*What you will do:*
In the entries below, find the line with "A CAD part, left-side" and the line with "#8670 = CARTESIAN_POINT". Reproduce those two lines and every line between them exactly, and nothing more.

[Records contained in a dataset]
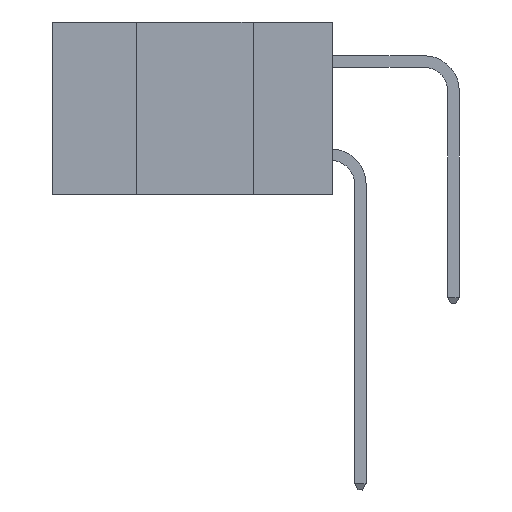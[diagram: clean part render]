
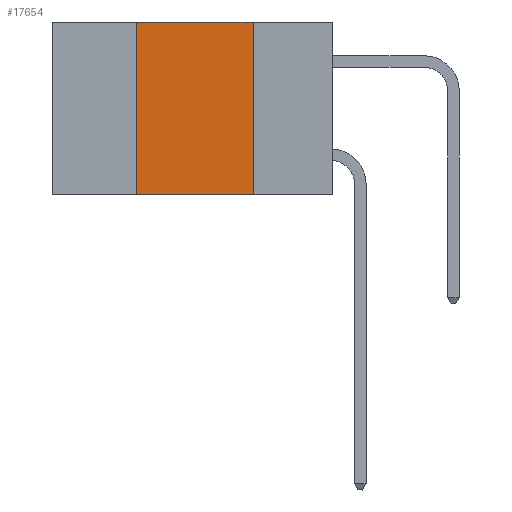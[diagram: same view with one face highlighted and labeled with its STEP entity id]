
A CAD part, left-side view. The second image highlights one B-rep face of the part: STEP entity #17654.
In plain terms, the highlighted planar face has unit normal (-1, 0, 0).
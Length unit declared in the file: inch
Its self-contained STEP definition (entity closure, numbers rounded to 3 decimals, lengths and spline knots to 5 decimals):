
#258 = EDGE_CURVE ( 'NONE', #4632, #5225, #16645, .T. ) ;
#765 = VECTOR ( 'NONE', #3319, 39.37008 ) ;
#840 = CARTESIAN_POINT ( 'NONE',  ( 0., 0.42, -0.37 ) ) ;
#2640 = DIRECTION ( 'NONE',  ( 0., 0., -1. ) ) ;
#2740 = LINE ( 'NONE', #8670, #6671 ) ;
#3050 = ORIENTED_EDGE ( 'NONE', *, *, #10357, .T. ) ;
#3319 = DIRECTION ( 'NONE',  ( 0., 0., 1. ) ) ;
#3688 = CARTESIAN_POINT ( 'NONE',  ( 0., 0.6, 0. ) ) ;
#3879 = DIRECTION ( 'NONE',  ( 0., 0., -1. ) ) ;
#4574 = CARTESIAN_POINT ( 'NONE',  ( 0., 0.17, 0. ) ) ;
#4632 = VERTEX_POINT ( 'NONE', #840 ) ;
#5225 = VERTEX_POINT ( 'NONE', #13029 ) ;
#5436 = DIRECTION ( 'NONE',  ( 1., 0., 0. ) ) ;
#6342 = LINE ( 'NONE', #10632, #6980 ) ;
#6671 = VECTOR ( 'NONE', #14589, 39.37008 ) ;
#6980 = VECTOR ( 'NONE', #10736, 39.37008 ) ;
#7057 = EDGE_CURVE ( 'NONE', #12172, #18316, #7187, .T. ) ;
#7187 = LINE ( 'NONE', #14581, #16210 ) ;
#7398 = ORIENTED_EDGE ( 'NONE', *, *, #17456, .F. ) ;
#8670 = CARTESIAN_POINT ( 'NONE',  ( 0., 0.6, 0. ) ) ;
#10357 = EDGE_CURVE ( 'NONE', #4632, #18316, #6342, .T. ) ;
#10632 = CARTESIAN_POINT ( 'NONE',  ( 0., 0.6, -0.37 ) ) ;
#10736 = DIRECTION ( 'NONE',  ( 0., -1., 0. ) ) ;
#11040 = AXIS2_PLACEMENT_3D ( 'NONE', #3688, #5436, #3879 ) ;
#11169 = FACE_OUTER_BOUND ( 'NONE', #12943, .T. ) ;
#12172 = VERTEX_POINT ( 'NONE', #4574 ) ;
#12943 = EDGE_LOOP ( 'NONE', ( #14782, #7398, #16349, #3050 ) ) ;
#13029 = CARTESIAN_POINT ( 'NONE',  ( 0., 0.42, 0. ) ) ;
#13103 = CARTESIAN_POINT ( 'NONE',  ( 0., 0.17, -0.37 ) ) ;
#14581 = CARTESIAN_POINT ( 'NONE',  ( 0., 0.17, -0.37 ) ) ;
#14589 = DIRECTION ( 'NONE',  ( 0., -1., 0. ) ) ;
#14782 = ORIENTED_EDGE ( 'NONE', *, *, #7057, .F. ) ;
#15752 = PLANE ( 'NONE',  #11040 ) ;
#16210 = VECTOR ( 'NONE', #2640, 39.37008 ) ;
#16349 = ORIENTED_EDGE ( 'NONE', *, *, #258, .F. ) ;
#16645 = LINE ( 'NONE', #16740, #765 ) ;
#16740 = CARTESIAN_POINT ( 'NONE',  ( 0., 0.42, -0.37 ) ) ;
#17456 = EDGE_CURVE ( 'NONE', #5225, #12172, #2740, .T. ) ;
#17654 = ADVANCED_FACE ( 'NONE', ( #11169 ), #15752, .F. ) ;
#18316 = VERTEX_POINT ( 'NONE', #13103 ) ;
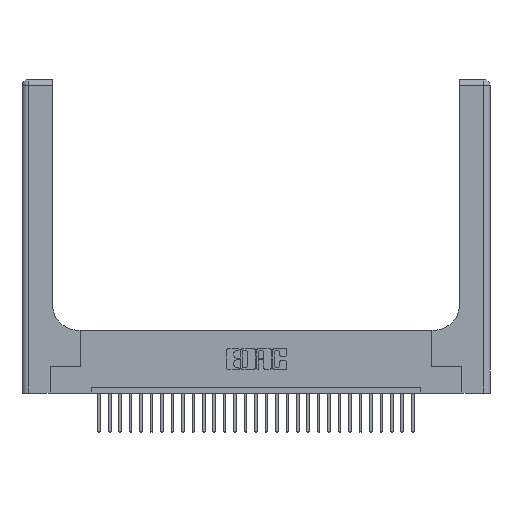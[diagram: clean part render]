
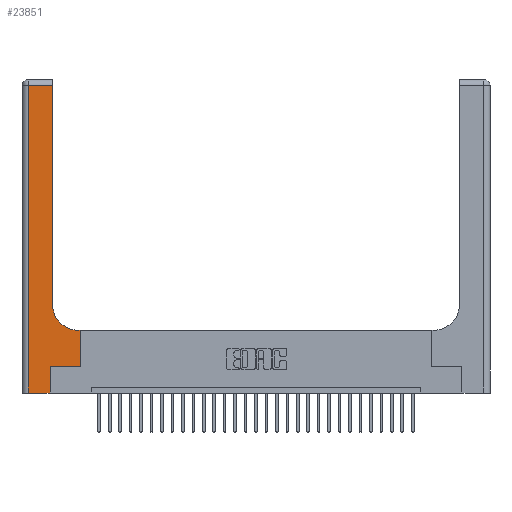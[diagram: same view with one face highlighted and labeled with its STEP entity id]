
A CAD part, top view. The second image highlights one B-rep face of the part: STEP entity #23851.
In plain terms, the highlighted planar face has unit normal (0, 0, 1).
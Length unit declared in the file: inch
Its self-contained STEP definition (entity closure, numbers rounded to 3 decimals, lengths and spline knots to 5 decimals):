
#81 = DIRECTION ( 'NONE',  ( 1., 0., 0. ) ) ;
#181 = VECTOR ( 'NONE', #20969, 39.37008 ) ;
#443 = VECTOR ( 'NONE', #22829, 39.37008 ) ;
#1231 = VECTOR ( 'NONE', #15629, 39.37008 ) ;
#1631 = LINE ( 'NONE', #13415, #12438 ) ;
#1902 = CARTESIAN_POINT ( 'NONE',  ( 0.06, 0., 0.37 ) ) ;
#1957 = LINE ( 'NONE', #29536, #1231 ) ;
#2092 = ORIENTED_EDGE ( 'NONE', *, *, #6257, .T. ) ;
#2523 = DIRECTION ( 'NONE',  ( 0., 0., -1. ) ) ;
#2541 = ORIENTED_EDGE ( 'NONE', *, *, #21717, .T. ) ;
#3030 = CARTESIAN_POINT ( 'NONE',  ( 0.5585, 0.6, 0.37 ) ) ;
#3203 = VERTEX_POINT ( 'NONE', #11956 ) ;
#3836 = CARTESIAN_POINT ( 'NONE',  ( 0.2915, 3., 0.37 ) ) ;
#3882 = CARTESIAN_POINT ( 'NONE',  ( 0., 3., 0.37 ) ) ;
#4993 = EDGE_CURVE ( 'NONE', #27872, #3203, #1957, .T. ) ;
#5021 = CARTESIAN_POINT ( 'NONE',  ( 0., 2.94, 0.37 ) ) ;
#5321 = VERTEX_POINT ( 'NONE', #3030 ) ;
#5848 = EDGE_LOOP ( 'NONE', ( #23102, #19636, #21683, #20784, #13912, #25522, #2541, #10866, #2092 ) ) ;
#6060 = CARTESIAN_POINT ( 'NONE',  ( 0.2915, 0.6, 0.37 ) ) ;
#6257 = EDGE_CURVE ( 'NONE', #16827, #9402, #21058, .T. ) ;
#6616 = CARTESIAN_POINT ( 'NONE',  ( 0., 0., 0.37 ) ) ;
#6799 = EDGE_CURVE ( 'NONE', #9402, #16319, #27903, .T. ) ;
#6852 = CARTESIAN_POINT ( 'NONE',  ( 0.269, 0.25, 0.37 ) ) ;
#7055 = CARTESIAN_POINT ( 'NONE',  ( 0.5415, 0.85, 0.37 ) ) ;
#7067 = LINE ( 'NONE', #5021, #181 ) ;
#8399 = DIRECTION ( 'NONE',  ( -1., 0., 0. ) ) ;
#8622 = AXIS2_PLACEMENT_3D ( 'NONE', #3882, #8641, #24462 ) ;
#8641 = DIRECTION ( 'NONE',  ( 0., 0., -1. ) ) ;
#8774 = CARTESIAN_POINT ( 'NONE',  ( 0.5585, 0.25, 0.37 ) ) ;
#8798 = LINE ( 'NONE', #6616, #443 ) ;
#9402 = VERTEX_POINT ( 'NONE', #21642 ) ;
#10756 = PLANE ( 'NONE',  #8622 ) ;
#10866 = ORIENTED_EDGE ( 'NONE', *, *, #16158, .T. ) ;
#11151 = DIRECTION ( 'NONE',  ( 0., -1., 0. ) ) ;
#11588 = CARTESIAN_POINT ( 'NONE',  ( 0.5415, 0.6, 0.37 ) ) ;
#11956 = CARTESIAN_POINT ( 'NONE',  ( 0.5585, 0.25, 0.37 ) ) ;
#12438 = VECTOR ( 'NONE', #27222, 39.37008 ) ;
#12923 = CARTESIAN_POINT ( 'NONE',  ( 0.2915, 2.94, 0.37 ) ) ;
#13415 = CARTESIAN_POINT ( 'NONE',  ( 0.269, 0., 0.37 ) ) ;
#13640 = LINE ( 'NONE', #17987, #24534 ) ;
#13912 = ORIENTED_EDGE ( 'NONE', *, *, #25780, .T. ) ;
#15629 = DIRECTION ( 'NONE',  ( 1., 0., 0. ) ) ;
#16158 = EDGE_CURVE ( 'NONE', #5321, #16827, #18372, .T. ) ;
#16319 = VERTEX_POINT ( 'NONE', #12923 ) ;
#16662 = VERTEX_POINT ( 'NONE', #16844 ) ;
#16827 = VERTEX_POINT ( 'NONE', #11588 ) ;
#16844 = CARTESIAN_POINT ( 'NONE',  ( 0.269, 0., 0.37 ) ) ;
#17705 = VERTEX_POINT ( 'NONE', #24886 ) ;
#17987 = CARTESIAN_POINT ( 'NONE',  ( 0.06, 3., 0.37 ) ) ;
#18372 = LINE ( 'NONE', #6060, #20552 ) ;
#19636 = ORIENTED_EDGE ( 'NONE', *, *, #24817, .T. ) ;
#20327 = VECTOR ( 'NONE', #29069, 39.37008 ) ;
#20552 = VECTOR ( 'NONE', #8399, 39.37008 ) ;
#20784 = ORIENTED_EDGE ( 'NONE', *, *, #26585, .T. ) ;
#20969 = DIRECTION ( 'NONE',  ( -1., 0., 0. ) ) ;
#21058 = CIRCLE ( 'NONE', #25140, 0.25 ) ;
#21642 = CARTESIAN_POINT ( 'NONE',  ( 0.2915, 0.85, 0.37 ) ) ;
#21683 = ORIENTED_EDGE ( 'NONE', *, *, #23916, .T. ) ;
#21717 = EDGE_CURVE ( 'NONE', #3203, #5321, #24326, .T. ) ;
#22190 = VERTEX_POINT ( 'NONE', #1902 ) ;
#22829 = DIRECTION ( 'NONE',  ( 1., 0., 0. ) ) ;
#23102 = ORIENTED_EDGE ( 'NONE', *, *, #6799, .T. ) ;
#23851 = ADVANCED_FACE ( 'NONE', ( #27074 ), #10756, .F. ) ;
#23916 = EDGE_CURVE ( 'NONE', #17705, #22190, #13640, .T. ) ;
#24326 = LINE ( 'NONE', #8774, #29035 ) ;
#24462 = DIRECTION ( 'NONE',  ( -1., 0., 0. ) ) ;
#24534 = VECTOR ( 'NONE', #11151, 39.37008 ) ;
#24817 = EDGE_CURVE ( 'NONE', #16319, #17705, #7067, .T. ) ;
#24886 = CARTESIAN_POINT ( 'NONE',  ( 0.06, 2.94, 0.37 ) ) ;
#25140 = AXIS2_PLACEMENT_3D ( 'NONE', #7055, #2523, #81 ) ;
#25522 = ORIENTED_EDGE ( 'NONE', *, *, #4993, .T. ) ;
#25780 = EDGE_CURVE ( 'NONE', #16662, #27872, #1631, .T. ) ;
#26585 = EDGE_CURVE ( 'NONE', #22190, #16662, #8798, .T. ) ;
#27074 = FACE_OUTER_BOUND ( 'NONE', #5848, .T. ) ;
#27222 = DIRECTION ( 'NONE',  ( 0., 1., 0. ) ) ;
#27872 = VERTEX_POINT ( 'NONE', #6852 ) ;
#27903 = LINE ( 'NONE', #3836, #20327 ) ;
#29035 = VECTOR ( 'NONE', #29764, 39.37008 ) ;
#29069 = DIRECTION ( 'NONE',  ( 0., 1., 0. ) ) ;
#29536 = CARTESIAN_POINT ( 'NONE',  ( 0.269, 0.25, 0.37 ) ) ;
#29764 = DIRECTION ( 'NONE',  ( 0., 1., 0. ) ) ;

*Answer box:*
A CAD part, left-side view. The second image highlights one B-rep face of the part: STEP entity #17654.
In plain terms, the highlighted planar face has unit normal (-1, 0, 0).
Length unit declared in the file: inch
Its self-contained STEP definition (entity closure, numbers rounded to 3 decimals, lengths and spline knots to 5 decimals):
#258 = EDGE_CURVE ( 'NONE', #4632, #5225, #16645, .T. ) ;
#765 = VECTOR ( 'NONE', #3319, 39.37008 ) ;
#840 = CARTESIAN_POINT ( 'NONE',  ( 0., 0.42, -0.37 ) ) ;
#2640 = DIRECTION ( 'NONE',  ( 0., 0., -1. ) ) ;
#2740 = LINE ( 'NONE', #8670, #6671 ) ;
#3050 = ORIENTED_EDGE ( 'NONE', *, *, #10357, .T. ) ;
#3319 = DIRECTION ( 'NONE',  ( 0., 0., 1. ) ) ;
#3688 = CARTESIAN_POINT ( 'NONE',  ( 0., 0.6, 0. ) ) ;
#3879 = DIRECTION ( 'NONE',  ( 0., 0., -1. ) ) ;
#4574 = CARTESIAN_POINT ( 'NONE',  ( 0., 0.17, 0. ) ) ;
#4632 = VERTEX_POINT ( 'NONE', #840 ) ;
#5225 = VERTEX_POINT ( 'NONE', #13029 ) ;
#5436 = DIRECTION ( 'NONE',  ( 1., 0., 0. ) ) ;
#6342 = LINE ( 'NONE', #10632, #6980 ) ;
#6671 = VECTOR ( 'NONE', #14589, 39.37008 ) ;
#6980 = VECTOR ( 'NONE', #10736, 39.37008 ) ;
#7057 = EDGE_CURVE ( 'NONE', #12172, #18316, #7187, .T. ) ;
#7187 = LINE ( 'NONE', #14581, #16210 ) ;
#7398 = ORIENTED_EDGE ( 'NONE', *, *, #17456, .F. ) ;
#8670 = CARTESIAN_POINT ( 'NONE',  ( 0., 0.6, 0. ) ) ;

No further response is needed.